## INSTRUCTIONS FOR THE TASK
From the line with "cfblk131/1 -> cfblk15/2" to the line with "cfblk31/1 -> cfblk139/1", retype every line exactly, including those two, and leave out the rest of the data below.

#### RECORDED DATA

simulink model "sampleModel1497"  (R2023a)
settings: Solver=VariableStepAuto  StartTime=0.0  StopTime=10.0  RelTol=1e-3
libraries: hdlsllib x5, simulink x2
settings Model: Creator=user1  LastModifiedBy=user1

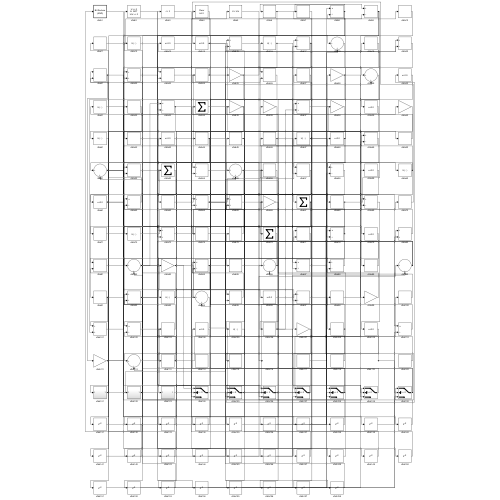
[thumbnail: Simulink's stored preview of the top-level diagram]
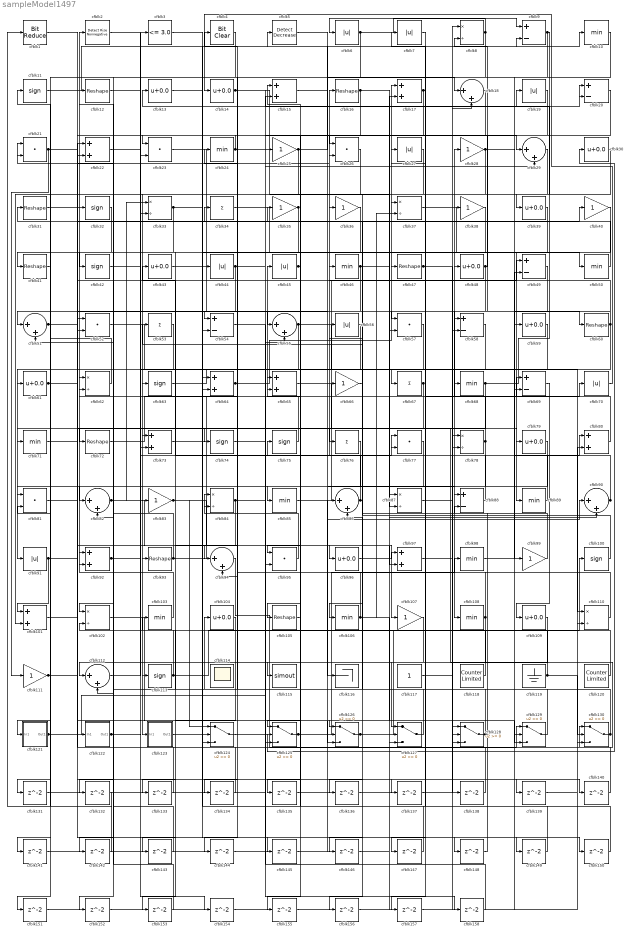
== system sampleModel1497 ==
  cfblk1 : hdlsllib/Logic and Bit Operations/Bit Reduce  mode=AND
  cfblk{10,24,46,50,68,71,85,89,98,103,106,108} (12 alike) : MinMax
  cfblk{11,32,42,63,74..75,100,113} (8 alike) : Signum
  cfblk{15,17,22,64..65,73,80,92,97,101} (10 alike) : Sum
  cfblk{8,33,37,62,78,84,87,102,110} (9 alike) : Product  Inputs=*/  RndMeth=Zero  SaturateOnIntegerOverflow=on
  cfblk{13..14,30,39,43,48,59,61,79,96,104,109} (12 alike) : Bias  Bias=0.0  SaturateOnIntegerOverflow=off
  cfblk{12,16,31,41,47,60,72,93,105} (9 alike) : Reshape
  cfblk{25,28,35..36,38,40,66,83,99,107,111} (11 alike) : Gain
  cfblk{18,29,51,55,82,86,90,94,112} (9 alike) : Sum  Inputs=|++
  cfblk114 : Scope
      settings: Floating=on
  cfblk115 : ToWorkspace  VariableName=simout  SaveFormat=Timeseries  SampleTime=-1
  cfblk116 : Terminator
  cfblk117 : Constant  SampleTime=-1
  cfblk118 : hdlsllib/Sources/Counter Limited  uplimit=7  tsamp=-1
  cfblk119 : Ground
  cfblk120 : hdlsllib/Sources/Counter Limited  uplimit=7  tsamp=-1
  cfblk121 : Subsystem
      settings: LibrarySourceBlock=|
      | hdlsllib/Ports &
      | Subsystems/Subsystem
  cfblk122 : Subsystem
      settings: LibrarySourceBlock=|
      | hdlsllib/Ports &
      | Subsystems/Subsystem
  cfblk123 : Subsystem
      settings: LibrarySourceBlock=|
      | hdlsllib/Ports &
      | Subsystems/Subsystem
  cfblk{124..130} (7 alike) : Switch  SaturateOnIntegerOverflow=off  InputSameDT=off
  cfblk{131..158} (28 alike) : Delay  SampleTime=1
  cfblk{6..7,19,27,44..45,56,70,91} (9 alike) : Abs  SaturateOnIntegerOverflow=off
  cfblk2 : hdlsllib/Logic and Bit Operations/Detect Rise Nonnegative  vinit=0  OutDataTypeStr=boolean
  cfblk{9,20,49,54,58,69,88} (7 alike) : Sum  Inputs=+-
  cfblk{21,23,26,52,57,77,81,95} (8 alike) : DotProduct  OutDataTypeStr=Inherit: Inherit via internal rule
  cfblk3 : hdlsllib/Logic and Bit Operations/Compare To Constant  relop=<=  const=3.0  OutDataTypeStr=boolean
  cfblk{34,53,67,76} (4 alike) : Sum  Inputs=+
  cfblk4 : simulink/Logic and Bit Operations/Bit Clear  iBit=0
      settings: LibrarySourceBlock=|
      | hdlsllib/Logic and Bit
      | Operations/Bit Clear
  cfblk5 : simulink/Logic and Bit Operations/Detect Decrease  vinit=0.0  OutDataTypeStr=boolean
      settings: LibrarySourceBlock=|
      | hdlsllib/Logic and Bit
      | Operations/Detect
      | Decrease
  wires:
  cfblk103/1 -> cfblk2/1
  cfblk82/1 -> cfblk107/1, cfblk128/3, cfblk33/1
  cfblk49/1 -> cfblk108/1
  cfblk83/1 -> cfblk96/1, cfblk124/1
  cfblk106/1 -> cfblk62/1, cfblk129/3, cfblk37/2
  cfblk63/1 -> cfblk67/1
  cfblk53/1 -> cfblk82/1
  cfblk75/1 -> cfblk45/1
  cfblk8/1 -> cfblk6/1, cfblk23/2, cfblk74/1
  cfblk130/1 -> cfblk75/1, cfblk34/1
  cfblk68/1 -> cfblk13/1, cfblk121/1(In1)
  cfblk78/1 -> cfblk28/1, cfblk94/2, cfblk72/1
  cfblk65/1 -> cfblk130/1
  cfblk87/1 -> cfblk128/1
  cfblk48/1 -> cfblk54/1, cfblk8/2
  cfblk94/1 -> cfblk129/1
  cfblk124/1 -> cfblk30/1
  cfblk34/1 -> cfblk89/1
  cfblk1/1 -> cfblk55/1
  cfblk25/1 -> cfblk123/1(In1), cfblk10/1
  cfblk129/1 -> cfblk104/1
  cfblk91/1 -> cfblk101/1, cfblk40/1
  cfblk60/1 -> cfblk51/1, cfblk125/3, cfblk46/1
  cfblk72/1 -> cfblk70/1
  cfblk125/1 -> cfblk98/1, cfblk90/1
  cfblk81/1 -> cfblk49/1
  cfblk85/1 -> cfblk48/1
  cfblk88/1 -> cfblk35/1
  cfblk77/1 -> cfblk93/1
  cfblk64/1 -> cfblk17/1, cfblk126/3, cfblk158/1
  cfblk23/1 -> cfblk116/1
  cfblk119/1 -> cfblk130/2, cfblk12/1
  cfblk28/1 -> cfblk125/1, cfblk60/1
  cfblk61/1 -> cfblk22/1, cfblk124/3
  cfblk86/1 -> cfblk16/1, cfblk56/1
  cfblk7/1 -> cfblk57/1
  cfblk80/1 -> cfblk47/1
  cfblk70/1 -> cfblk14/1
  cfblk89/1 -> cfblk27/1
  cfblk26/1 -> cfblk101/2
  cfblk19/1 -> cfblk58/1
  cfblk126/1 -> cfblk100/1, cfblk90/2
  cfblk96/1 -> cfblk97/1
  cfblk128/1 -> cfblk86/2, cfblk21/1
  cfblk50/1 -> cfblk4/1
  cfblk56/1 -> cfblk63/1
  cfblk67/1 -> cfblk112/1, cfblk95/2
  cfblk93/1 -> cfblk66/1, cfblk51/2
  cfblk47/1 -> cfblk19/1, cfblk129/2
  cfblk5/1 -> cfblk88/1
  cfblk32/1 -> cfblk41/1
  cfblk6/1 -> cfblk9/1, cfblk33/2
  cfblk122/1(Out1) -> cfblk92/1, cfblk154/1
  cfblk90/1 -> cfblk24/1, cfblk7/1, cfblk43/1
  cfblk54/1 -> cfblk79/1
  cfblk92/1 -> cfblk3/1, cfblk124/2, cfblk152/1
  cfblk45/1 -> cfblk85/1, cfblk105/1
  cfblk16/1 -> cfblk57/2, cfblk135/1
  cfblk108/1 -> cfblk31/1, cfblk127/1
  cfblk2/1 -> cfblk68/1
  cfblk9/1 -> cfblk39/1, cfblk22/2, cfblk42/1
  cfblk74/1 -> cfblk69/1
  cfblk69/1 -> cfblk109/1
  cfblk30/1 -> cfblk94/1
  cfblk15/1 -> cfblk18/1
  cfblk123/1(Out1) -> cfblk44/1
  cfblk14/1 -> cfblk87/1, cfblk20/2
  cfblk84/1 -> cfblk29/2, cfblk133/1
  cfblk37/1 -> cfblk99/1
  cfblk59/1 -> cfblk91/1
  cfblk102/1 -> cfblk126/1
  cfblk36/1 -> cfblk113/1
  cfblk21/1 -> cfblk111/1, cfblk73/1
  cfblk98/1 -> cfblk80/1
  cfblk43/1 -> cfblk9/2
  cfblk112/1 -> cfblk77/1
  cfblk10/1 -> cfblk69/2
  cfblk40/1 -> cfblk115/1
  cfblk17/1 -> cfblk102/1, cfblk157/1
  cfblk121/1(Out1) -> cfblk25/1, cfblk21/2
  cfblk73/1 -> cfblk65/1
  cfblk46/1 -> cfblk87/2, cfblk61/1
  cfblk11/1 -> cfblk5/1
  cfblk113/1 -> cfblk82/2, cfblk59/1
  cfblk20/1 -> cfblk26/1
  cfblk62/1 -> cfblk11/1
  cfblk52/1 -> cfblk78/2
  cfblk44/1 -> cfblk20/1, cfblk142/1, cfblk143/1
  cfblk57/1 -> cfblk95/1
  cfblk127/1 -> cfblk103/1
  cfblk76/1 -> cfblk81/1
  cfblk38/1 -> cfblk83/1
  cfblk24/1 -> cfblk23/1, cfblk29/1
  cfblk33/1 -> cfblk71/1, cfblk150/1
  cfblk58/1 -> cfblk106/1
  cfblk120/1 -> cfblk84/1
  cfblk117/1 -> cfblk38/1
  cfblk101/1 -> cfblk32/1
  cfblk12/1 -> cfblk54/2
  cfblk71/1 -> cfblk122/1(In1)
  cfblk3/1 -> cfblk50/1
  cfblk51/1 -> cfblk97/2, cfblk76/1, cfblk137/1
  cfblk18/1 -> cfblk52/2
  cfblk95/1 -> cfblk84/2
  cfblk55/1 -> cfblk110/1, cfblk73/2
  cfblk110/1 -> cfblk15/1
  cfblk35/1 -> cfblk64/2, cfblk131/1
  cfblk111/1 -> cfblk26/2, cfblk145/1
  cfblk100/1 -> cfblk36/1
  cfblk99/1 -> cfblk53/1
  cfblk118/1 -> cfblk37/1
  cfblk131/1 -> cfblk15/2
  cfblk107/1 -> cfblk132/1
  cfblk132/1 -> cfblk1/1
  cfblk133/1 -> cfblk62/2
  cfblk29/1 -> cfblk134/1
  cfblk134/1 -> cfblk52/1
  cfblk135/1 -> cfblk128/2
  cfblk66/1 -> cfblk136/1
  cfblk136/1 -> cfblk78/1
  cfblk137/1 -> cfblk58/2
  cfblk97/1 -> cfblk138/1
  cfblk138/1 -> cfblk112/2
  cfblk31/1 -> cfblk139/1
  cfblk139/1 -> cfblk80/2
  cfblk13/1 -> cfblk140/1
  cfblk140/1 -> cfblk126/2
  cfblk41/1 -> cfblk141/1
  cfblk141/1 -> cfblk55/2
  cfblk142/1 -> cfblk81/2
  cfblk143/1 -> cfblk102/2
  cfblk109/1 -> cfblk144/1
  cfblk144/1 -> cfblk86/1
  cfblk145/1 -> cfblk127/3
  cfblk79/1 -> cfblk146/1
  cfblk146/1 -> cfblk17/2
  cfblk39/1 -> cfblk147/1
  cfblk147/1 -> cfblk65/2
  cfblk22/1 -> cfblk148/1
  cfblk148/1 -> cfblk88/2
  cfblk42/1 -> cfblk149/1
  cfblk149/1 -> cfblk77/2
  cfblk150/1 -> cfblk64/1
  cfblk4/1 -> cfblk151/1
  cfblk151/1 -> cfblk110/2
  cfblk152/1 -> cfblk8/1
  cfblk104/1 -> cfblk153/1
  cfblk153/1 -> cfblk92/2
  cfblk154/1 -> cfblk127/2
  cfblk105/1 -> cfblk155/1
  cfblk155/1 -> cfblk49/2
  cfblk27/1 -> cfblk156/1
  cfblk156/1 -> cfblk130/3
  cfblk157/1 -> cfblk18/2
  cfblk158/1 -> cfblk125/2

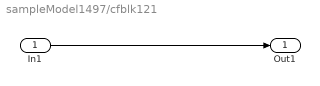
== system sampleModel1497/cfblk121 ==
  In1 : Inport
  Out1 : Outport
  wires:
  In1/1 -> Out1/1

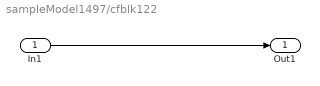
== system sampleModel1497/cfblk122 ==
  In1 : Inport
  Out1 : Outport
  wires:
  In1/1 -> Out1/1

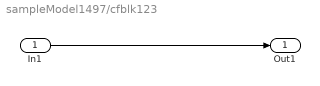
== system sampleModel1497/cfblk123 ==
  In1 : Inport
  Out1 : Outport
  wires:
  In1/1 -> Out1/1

########

## ANSWER AREA
  cfblk131/1 -> cfblk15/2
  cfblk107/1 -> cfblk132/1
  cfblk132/1 -> cfblk1/1
  cfblk133/1 -> cfblk62/2
  cfblk29/1 -> cfblk134/1
  cfblk134/1 -> cfblk52/1
  cfblk135/1 -> cfblk128/2
  cfblk66/1 -> cfblk136/1
  cfblk136/1 -> cfblk78/1
  cfblk137/1 -> cfblk58/2
  cfblk97/1 -> cfblk138/1
  cfblk138/1 -> cfblk112/2
  cfblk31/1 -> cfblk139/1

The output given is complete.